━━━━━ Data to use ━━━━━
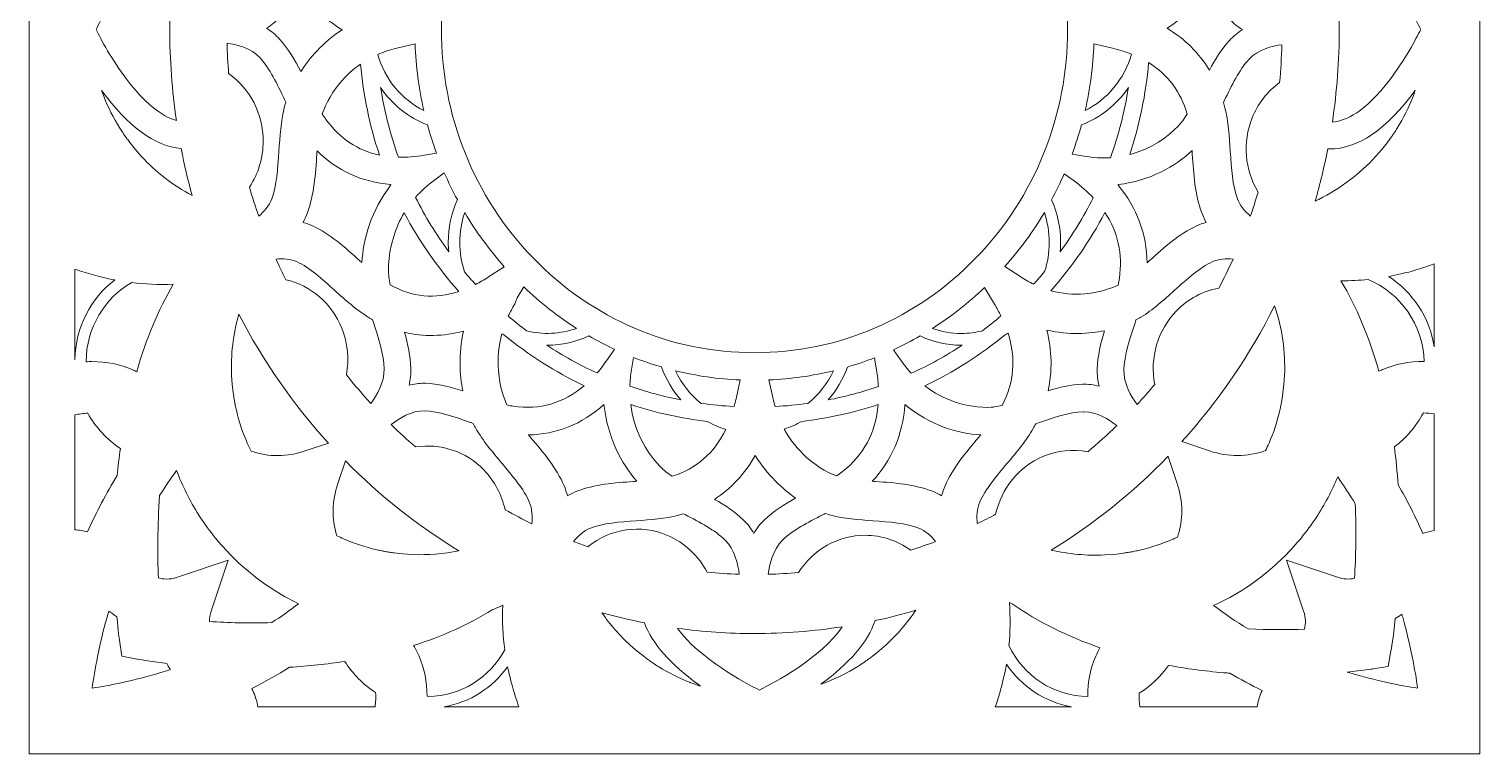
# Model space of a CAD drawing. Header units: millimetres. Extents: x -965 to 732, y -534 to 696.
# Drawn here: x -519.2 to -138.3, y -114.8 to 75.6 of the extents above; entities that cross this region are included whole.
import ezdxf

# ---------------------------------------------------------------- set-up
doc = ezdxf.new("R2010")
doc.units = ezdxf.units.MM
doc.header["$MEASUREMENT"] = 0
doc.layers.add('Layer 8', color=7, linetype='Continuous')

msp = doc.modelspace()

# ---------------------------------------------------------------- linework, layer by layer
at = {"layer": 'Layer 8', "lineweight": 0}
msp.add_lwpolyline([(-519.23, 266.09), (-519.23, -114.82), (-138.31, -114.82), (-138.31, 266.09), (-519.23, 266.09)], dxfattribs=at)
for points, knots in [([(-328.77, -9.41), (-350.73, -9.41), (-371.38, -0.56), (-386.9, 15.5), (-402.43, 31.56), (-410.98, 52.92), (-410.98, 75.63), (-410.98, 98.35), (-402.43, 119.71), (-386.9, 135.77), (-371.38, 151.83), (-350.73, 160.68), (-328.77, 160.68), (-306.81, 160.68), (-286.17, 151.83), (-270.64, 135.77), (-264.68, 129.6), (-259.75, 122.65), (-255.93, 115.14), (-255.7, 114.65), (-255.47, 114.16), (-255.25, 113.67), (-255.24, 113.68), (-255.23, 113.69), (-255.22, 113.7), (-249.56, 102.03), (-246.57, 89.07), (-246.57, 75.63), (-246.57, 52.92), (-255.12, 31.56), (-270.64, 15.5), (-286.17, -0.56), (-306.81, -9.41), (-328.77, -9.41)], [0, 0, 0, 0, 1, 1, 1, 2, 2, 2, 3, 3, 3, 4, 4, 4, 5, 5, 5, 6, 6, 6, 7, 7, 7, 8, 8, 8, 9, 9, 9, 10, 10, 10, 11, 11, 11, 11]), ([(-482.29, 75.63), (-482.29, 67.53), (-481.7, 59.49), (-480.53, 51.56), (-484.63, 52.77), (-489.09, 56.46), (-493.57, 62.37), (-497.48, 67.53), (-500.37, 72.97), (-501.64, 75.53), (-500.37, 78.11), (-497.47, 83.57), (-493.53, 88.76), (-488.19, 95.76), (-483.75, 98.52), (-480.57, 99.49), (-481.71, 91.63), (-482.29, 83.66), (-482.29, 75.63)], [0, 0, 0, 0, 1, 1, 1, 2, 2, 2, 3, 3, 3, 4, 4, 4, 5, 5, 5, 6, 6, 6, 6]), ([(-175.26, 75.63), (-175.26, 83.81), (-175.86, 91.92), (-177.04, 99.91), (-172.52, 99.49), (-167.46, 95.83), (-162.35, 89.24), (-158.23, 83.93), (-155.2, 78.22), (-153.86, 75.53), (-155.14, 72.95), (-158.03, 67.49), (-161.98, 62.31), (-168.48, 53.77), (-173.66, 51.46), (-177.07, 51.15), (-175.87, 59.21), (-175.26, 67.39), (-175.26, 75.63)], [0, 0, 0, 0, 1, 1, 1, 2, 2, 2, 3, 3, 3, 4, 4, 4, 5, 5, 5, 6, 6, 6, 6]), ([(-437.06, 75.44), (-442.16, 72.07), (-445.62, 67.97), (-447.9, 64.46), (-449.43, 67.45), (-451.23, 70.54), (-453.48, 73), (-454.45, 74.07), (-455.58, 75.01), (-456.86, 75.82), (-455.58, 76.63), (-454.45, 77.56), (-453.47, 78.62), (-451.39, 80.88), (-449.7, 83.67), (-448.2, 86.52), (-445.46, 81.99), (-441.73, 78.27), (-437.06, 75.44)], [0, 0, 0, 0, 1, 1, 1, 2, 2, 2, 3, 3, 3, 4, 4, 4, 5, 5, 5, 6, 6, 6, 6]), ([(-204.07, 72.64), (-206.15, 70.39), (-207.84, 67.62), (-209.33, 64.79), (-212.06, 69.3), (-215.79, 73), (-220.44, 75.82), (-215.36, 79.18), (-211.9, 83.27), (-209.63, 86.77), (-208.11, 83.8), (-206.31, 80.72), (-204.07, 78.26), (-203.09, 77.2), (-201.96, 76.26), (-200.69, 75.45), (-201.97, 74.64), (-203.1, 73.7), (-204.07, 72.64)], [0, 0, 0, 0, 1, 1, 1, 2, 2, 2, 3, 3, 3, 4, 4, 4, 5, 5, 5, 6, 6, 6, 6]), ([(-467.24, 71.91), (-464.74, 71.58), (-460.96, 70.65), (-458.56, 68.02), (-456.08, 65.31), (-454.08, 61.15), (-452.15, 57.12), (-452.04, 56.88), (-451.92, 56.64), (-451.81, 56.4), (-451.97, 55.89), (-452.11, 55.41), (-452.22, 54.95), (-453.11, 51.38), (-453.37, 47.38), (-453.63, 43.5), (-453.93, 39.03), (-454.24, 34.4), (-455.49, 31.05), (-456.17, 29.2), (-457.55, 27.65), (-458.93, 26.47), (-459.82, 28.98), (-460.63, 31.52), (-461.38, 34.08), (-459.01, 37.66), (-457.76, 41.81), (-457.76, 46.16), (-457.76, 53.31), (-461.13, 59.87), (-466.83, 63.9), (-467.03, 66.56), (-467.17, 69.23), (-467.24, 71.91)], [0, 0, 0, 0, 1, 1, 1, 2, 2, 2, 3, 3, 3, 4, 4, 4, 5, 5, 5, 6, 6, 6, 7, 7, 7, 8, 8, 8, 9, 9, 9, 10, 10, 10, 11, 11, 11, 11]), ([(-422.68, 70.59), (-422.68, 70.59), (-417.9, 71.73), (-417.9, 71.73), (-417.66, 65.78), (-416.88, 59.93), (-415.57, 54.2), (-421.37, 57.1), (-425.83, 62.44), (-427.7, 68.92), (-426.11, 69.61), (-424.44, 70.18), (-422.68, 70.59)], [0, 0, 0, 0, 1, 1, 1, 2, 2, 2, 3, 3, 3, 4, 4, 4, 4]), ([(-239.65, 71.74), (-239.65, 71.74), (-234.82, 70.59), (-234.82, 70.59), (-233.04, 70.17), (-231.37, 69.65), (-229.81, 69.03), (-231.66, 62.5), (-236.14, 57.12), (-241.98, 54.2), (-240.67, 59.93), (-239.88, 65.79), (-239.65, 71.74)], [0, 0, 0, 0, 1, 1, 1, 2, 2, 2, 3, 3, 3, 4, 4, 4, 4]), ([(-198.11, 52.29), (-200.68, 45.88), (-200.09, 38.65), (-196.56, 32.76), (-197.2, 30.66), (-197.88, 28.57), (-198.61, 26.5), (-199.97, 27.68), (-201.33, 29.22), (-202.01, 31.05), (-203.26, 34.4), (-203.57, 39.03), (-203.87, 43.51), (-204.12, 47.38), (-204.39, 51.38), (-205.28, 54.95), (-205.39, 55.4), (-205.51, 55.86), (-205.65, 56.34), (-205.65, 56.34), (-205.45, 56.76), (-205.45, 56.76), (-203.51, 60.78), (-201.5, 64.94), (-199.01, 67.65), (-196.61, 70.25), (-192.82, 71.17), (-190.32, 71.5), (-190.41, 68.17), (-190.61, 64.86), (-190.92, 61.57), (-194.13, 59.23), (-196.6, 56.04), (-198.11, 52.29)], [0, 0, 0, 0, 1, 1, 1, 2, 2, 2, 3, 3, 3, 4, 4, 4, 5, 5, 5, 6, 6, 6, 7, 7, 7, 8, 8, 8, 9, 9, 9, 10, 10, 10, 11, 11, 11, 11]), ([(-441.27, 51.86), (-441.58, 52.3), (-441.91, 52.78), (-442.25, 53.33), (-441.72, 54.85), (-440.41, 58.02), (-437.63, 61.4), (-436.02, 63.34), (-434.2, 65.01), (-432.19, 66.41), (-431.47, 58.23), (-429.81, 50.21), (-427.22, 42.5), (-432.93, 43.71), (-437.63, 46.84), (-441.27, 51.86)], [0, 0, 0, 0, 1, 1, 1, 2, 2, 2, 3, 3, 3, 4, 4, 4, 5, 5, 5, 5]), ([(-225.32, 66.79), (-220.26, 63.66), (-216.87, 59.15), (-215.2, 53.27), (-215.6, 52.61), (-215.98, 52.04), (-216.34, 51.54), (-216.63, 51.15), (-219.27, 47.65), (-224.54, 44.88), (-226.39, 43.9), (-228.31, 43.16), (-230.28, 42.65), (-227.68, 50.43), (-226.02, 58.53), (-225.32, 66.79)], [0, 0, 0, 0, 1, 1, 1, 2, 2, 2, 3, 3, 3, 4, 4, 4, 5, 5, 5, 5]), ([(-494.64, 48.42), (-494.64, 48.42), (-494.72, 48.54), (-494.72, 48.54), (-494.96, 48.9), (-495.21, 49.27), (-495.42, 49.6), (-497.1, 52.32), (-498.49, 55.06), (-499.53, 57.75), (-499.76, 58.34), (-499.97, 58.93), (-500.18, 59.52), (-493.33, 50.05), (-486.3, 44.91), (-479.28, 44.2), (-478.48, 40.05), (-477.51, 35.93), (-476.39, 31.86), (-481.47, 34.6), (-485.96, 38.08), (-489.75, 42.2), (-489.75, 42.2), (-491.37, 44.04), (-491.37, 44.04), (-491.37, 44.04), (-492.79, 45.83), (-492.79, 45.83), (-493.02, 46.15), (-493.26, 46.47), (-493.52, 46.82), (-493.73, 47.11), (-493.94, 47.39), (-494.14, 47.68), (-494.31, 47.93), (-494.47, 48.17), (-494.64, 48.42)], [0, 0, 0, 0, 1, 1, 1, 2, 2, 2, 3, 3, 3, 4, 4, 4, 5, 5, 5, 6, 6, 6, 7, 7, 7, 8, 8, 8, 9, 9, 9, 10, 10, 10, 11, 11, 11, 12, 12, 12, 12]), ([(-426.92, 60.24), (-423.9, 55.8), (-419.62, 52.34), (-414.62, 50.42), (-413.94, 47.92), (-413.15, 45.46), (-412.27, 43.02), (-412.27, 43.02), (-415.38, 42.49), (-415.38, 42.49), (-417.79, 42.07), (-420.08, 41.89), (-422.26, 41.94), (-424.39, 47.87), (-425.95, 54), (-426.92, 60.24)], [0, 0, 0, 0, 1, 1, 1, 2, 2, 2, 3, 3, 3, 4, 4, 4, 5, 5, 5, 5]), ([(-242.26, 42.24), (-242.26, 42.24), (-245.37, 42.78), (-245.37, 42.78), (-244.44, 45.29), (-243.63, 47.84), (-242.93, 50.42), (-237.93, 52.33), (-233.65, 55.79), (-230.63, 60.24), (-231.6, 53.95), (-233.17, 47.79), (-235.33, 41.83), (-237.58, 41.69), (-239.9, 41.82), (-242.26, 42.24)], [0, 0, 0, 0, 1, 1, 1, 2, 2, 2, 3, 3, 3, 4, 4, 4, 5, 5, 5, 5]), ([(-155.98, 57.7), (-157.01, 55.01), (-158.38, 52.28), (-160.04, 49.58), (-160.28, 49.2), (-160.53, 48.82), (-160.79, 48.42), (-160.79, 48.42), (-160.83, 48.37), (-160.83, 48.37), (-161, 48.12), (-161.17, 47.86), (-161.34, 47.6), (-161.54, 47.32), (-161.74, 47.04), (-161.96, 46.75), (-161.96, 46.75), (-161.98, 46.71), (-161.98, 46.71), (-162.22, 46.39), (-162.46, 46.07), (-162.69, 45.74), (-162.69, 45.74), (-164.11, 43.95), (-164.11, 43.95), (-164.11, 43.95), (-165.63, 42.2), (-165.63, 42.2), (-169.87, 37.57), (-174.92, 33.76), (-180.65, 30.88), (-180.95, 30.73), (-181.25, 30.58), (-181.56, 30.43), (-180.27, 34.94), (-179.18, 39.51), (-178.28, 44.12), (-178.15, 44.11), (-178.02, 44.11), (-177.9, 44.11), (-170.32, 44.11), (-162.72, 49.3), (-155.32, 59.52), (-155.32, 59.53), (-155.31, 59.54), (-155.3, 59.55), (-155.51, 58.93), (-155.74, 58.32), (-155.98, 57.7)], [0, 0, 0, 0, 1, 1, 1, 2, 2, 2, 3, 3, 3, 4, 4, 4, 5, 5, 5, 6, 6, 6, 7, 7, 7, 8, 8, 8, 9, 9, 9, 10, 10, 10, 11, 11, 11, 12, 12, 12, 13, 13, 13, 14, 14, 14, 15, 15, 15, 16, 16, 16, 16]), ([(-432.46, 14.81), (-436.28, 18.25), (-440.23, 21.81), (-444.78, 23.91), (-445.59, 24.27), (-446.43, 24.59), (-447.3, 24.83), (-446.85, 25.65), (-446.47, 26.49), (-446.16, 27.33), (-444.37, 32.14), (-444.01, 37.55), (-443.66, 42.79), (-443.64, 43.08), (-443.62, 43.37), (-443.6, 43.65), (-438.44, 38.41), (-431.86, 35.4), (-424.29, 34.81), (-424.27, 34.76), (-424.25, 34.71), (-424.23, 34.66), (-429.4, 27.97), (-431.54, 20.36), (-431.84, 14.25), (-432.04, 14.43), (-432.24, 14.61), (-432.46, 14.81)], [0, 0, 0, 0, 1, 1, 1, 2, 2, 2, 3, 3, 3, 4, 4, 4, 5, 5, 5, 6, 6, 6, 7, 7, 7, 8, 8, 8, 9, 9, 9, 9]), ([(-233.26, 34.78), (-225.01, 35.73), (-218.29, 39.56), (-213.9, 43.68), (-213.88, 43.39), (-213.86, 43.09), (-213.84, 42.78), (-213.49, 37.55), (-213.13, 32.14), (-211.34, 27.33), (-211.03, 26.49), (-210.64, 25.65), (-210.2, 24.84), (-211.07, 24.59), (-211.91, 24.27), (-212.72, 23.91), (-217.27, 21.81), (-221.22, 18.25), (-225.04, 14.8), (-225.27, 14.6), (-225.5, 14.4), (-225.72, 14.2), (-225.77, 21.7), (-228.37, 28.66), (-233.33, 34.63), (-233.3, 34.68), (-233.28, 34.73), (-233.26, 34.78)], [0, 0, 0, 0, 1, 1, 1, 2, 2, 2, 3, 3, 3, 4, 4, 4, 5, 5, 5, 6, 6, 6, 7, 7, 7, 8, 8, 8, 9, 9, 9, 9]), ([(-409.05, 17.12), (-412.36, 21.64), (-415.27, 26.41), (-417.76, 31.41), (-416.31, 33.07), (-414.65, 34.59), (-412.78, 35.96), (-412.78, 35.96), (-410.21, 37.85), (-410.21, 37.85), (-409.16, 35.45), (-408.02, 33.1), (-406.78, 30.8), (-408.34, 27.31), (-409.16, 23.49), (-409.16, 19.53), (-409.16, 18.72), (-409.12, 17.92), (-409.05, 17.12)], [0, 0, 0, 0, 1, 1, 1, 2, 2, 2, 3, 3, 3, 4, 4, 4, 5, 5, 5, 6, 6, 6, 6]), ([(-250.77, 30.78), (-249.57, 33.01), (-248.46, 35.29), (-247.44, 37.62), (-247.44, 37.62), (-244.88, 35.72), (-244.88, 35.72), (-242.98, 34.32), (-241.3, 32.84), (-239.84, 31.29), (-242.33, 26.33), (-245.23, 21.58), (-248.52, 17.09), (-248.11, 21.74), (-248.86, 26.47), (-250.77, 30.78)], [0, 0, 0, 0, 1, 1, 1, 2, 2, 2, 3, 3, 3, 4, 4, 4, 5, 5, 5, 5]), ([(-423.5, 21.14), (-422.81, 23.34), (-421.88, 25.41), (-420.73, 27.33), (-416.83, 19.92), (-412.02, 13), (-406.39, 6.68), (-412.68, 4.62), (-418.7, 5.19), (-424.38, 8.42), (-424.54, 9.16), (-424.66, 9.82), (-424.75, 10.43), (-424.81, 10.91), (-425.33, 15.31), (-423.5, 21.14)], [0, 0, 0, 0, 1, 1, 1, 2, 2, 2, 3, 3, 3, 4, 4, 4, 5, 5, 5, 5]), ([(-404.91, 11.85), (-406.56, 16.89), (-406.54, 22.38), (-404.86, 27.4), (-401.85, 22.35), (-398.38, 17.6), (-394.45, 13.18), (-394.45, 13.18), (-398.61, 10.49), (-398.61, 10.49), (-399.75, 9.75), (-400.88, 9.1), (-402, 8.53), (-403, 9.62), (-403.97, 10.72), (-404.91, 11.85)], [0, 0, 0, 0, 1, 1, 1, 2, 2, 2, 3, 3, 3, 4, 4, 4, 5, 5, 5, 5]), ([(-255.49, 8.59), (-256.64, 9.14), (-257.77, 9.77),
━━━━━
== Your instructions ==
All that is needed is an exact copy of the lines from the top of the entries through the line containing "(-519.23, 266.09)], dxfattribs=at)", pictures left out.

== Finished exercise ==
# Model space of a CAD drawing. Header units: millimetres. Extents: x -965 to 732, y -534 to 696.
# Drawn here: x -519.2 to -138.3, y -114.8 to 75.6 of the extents above; entities that cross this region are included whole.
import ezdxf

# ---------------------------------------------------------------- set-up
doc = ezdxf.new("R2010")
doc.units = ezdxf.units.MM
doc.header["$MEASUREMENT"] = 0
doc.layers.add('Layer 8', color=7, linetype='Continuous')

msp = doc.modelspace()

# ---------------------------------------------------------------- linework, layer by layer
at = {"layer": 'Layer 8', "lineweight": 0}
msp.add_lwpolyline([(-519.23, 266.09), (-519.23, -114.82), (-138.31, -114.82), (-138.31, 266.09), (-519.23, 266.09)], dxfattribs=at)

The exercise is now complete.